Course Description -- GRAPH THEORY - Math 423 -- Spring 2010

Instructor: Louis H. Kauffman

Office: 533 SEO

Phone: (312) 996-3066

E-mail: kauffman@uic.edu

Web page: http://www.math.uic.edu/~kauffman

Text Book: "Graph Theory with Applications" by Bondy and Murty

Graph Theory MCS-423 meets at 10AM in Adams Hall 302 on MWF in the Spring Term of 2010. Math 215 is a sufficient prerequisite for the course. The course covers basic concepts of graph theory including Eulerian and Hamiltonian cycles, trees, colorings, connectivity, shortest paths, minimum spanning trees, network flows, bipartite matching, planar graphs. We will also look at a bit of graph theoretic topology and knot theory. See Bondy and Murty. The book "Graph Theory with Applications" by Bondy and Murty will be used for the course. The book is freely available on the web at the above link.

There will be one hour exam, one problem set and one final exam. Homework is collected each week and graded. Your homework record will help in deciding your final grade in the course.

Keep watching this webpage for problems and notes related to the course.

See ASSIGNMENTS. This is a list of all problems assigned in the SPRING 2010 course.

See Problem Set. This Problem Set is due on April 30, 2010.

See Solutions. Solutions to the above problem set.

See Class Notes #2. Class Notes relevant to the above Problem Set. Euler Formulas for Surfaces both orientable and non-orientable. (In the exercise about surfaces, I meant to write "S = Surface depicted with a disk glued to the boundary." Please solve with that in mind.)Penrose coloring formula.

FINAL EXAM - Friday, May 7, 2010. FROM 10:30AM to 12:30AM in Adams Hall, Room 302.

See Final Exam. The final exam.

See Final Solutions. Solutions to the final exam. There is a misprint on page 5. The recursion relation should be A^(k+4) = 5 A^(k+2) + 4 A^(k+1), and similarly with the indices.

WARNING: In Exercise 2.4.2, the suggestion in the book on page 228 is WRONG! The correct recursion formula is W(n+1) = 4(W(n) - W(n-1)) + W(n-2). The sequence starts: 1, 5, 16, 45, 121, 320, 841, 2205, 5776, 15125, 39601, 103680, 271441, 710645,... You may enjoy looking this up in the Online Encyclopedia of Integer Sequences. Note that you are still responsible for organizing your own recursive procedure for this problem.

See Color Theorems. This is a survey article about coloring theorems, including a sketch of the computer approach to the four color theorem. The article is from a now out of print magazine called "Manifold".

See Surfaces. The Wikipedia entry on surfaces. In this, please also look at the link to "Conway's Zip Proof" of the classification of surfaces.

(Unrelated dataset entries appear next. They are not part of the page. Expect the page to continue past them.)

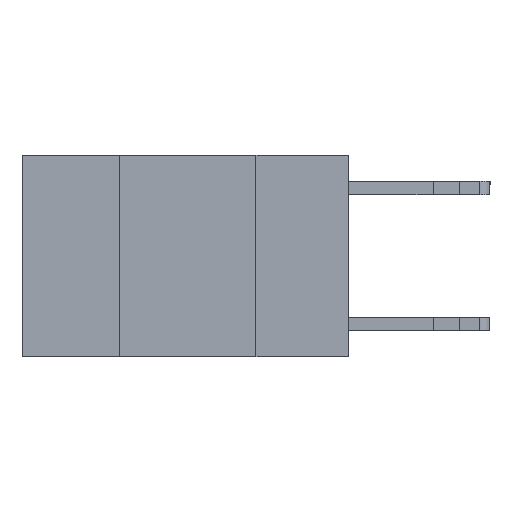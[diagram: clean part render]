
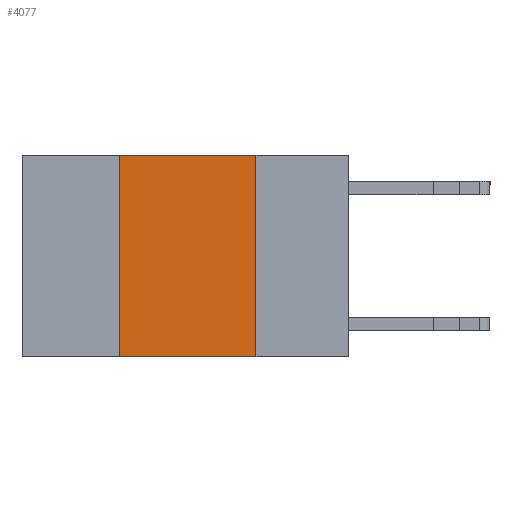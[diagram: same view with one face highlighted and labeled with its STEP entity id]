
A CAD part, left-side view. The second image highlights one B-rep face of the part: STEP entity #4077.
In plain terms, the highlighted planar face has unit normal (-1, 0, 0).
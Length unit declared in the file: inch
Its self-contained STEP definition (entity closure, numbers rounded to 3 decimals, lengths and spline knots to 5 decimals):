
#222 = LINE ( 'NONE', #9278, #5316 ) ;
#800 = ORIENTED_EDGE ( 'NONE', *, *, #12963, .F. ) ;
#1169 = DIRECTION ( 'NONE',  ( 0., 0., 1. ) ) ;
#1214 = CARTESIAN_POINT ( 'NONE',  ( 0., 0.17, -0.37 ) ) ;
#1434 = LINE ( 'NONE', #9344, #10628 ) ;
#1694 = VERTEX_POINT ( 'NONE', #9978 ) ;
#1903 = VERTEX_POINT ( 'NONE', #2578 ) ;
#2127 = PLANE ( 'NONE',  #5273 ) ;
#2578 = CARTESIAN_POINT ( 'NONE',  ( 0., 0.42, -0.37 ) ) ;
#2792 = ORIENTED_EDGE ( 'NONE', *, *, #6421, .F. ) ;
#3217 = DIRECTION ( 'NONE',  ( 0., -1., 0. ) ) ;
#3365 = ORIENTED_EDGE ( 'NONE', *, *, #5429, .F. ) ;
#4077 = ADVANCED_FACE ( 'NONE', ( #8050 ), #2127, .F. ) ;
#5176 = DIRECTION ( 'NONE',  ( 1., 0., 0. ) ) ;
#5245 = CARTESIAN_POINT ( 'NONE',  ( 0., 0.17, 0. ) ) ;
#5273 = AXIS2_PLACEMENT_3D ( 'NONE', #6171, #5176, #11170 ) ;
#5316 = VECTOR ( 'NONE', #3217, 39.37008 ) ;
#5429 = EDGE_CURVE ( 'NONE', #12513, #6964, #5861, .T. ) ;
#5474 = DIRECTION ( 'NONE',  ( 0., -1., 0. ) ) ;
#5861 = LINE ( 'NONE', #5245, #9759 ) ;
#6171 = CARTESIAN_POINT ( 'NONE',  ( 0., 0.6, 0. ) ) ;
#6411 = CARTESIAN_POINT ( 'NONE',  ( 0., 0.42, 0. ) ) ;
#6421 = EDGE_CURVE ( 'NONE', #1694, #12513, #1434, .T. ) ;
#6534 = EDGE_CURVE ( 'NONE', #1903, #6964, #222, .T. ) ;
#6964 = VERTEX_POINT ( 'NONE', #1214 ) ;
#7607 = ORIENTED_EDGE ( 'NONE', *, *, #6534, .T. ) ;
#8050 = FACE_OUTER_BOUND ( 'NONE', #12196, .T. ) ;
#9278 = CARTESIAN_POINT ( 'NONE',  ( 0., 0.6, -0.37 ) ) ;
#9344 = CARTESIAN_POINT ( 'NONE',  ( 0., 0.6, 0. ) ) ;
#9414 = LINE ( 'NONE', #6411, #10143 ) ;
#9759 = VECTOR ( 'NONE', #10990, 39.37008 ) ;
#9978 = CARTESIAN_POINT ( 'NONE',  ( 0., 0.42, 0. ) ) ;
#10143 = VECTOR ( 'NONE', #1169, 39.37008 ) ;
#10628 = VECTOR ( 'NONE', #5474, 39.37008 ) ;
#10990 = DIRECTION ( 'NONE',  ( 0., 0., -1. ) ) ;
#11170 = DIRECTION ( 'NONE',  ( 0., 0., -1. ) ) ;
#12196 = EDGE_LOOP ( 'NONE', ( #3365, #2792, #800, #7607 ) ) ;
#12491 = CARTESIAN_POINT ( 'NONE',  ( 0., 0.17, 0. ) ) ;
#12513 = VERTEX_POINT ( 'NONE', #12491 ) ;
#12963 = EDGE_CURVE ( 'NONE', #1903, #1694, #9414, .T. ) ;

See Cayley Graphs. A Chapter from the book "Contemporary Abstract Algebra" by Joseph Gallian about the Cayley Digraphs of Groups.

See Crossing Number. Webnotes about the crossing number of a graph. Useful for the homework due March 31.

See Class Notes #1. Class Notes for Week of February 1- 5, 2010.

See Diagrammatic Matrix Algebra for notes on matrix algebra and diagrams. This file will modified during the course.

See Linear Equations and Feedback for notes on diagramming systems of linear equations as systems with feedback associated with an input-output graph (Mason's Rule for Linear Systems).

See Electrical Graphs for an exposition of how to solve for conductance in a graphical network, and then see Matrix Tree Theorem for a proof that the Kirchoff matrix enumerates spanning trees in a graph. For more about electrical graphs and topology of knots and links see Electrical Knots for a graphical approach to knots that relates topology to conductance. See Wang Algebra for a clever approach to graphs and spanning trees. See Wang Algebra Progam for a Mathematica program that calculates the spanning trees in a graph via the Wang algebra. See Electricity for an exposition by Duffin of the application of Wang algegra to the calculation of electrical conductance. See Duffin for Duffin's long and intetersting article on this subject.

See KELLEY Excerpt on basic mathematics from book by John Kelley, part of the telvision course "Continental Classroon" that Kelley gave in 1960. This excerpt is useful for reviewing basics about numbers, the concept of a group and the basics of set theory.

See Konigsberg Bridges. This is a link to a website about the Konigsberg Bridge problem and Euler's work.

See Group Theory. This is a link to the Wikipedia entry on group theory.

See AutWiki and AutWolfram. These are links to information about automorphisms of graphs.

See Matrix Algebra. This is a link to an article on the history of matrix algebra that ends with a concise introduction to matrices.

See Adjoint Matrix. This is a link to the Wikipedia entry on Adjoint Matrix and the formula for matrix inverses.

See EigenValues. This is a link to the Wikipedia entry on eigenvalues.

See GoodWill Hunting. This is a link to a webpage devoted to a graph theory problem that was in the movie "Good Will Hunting".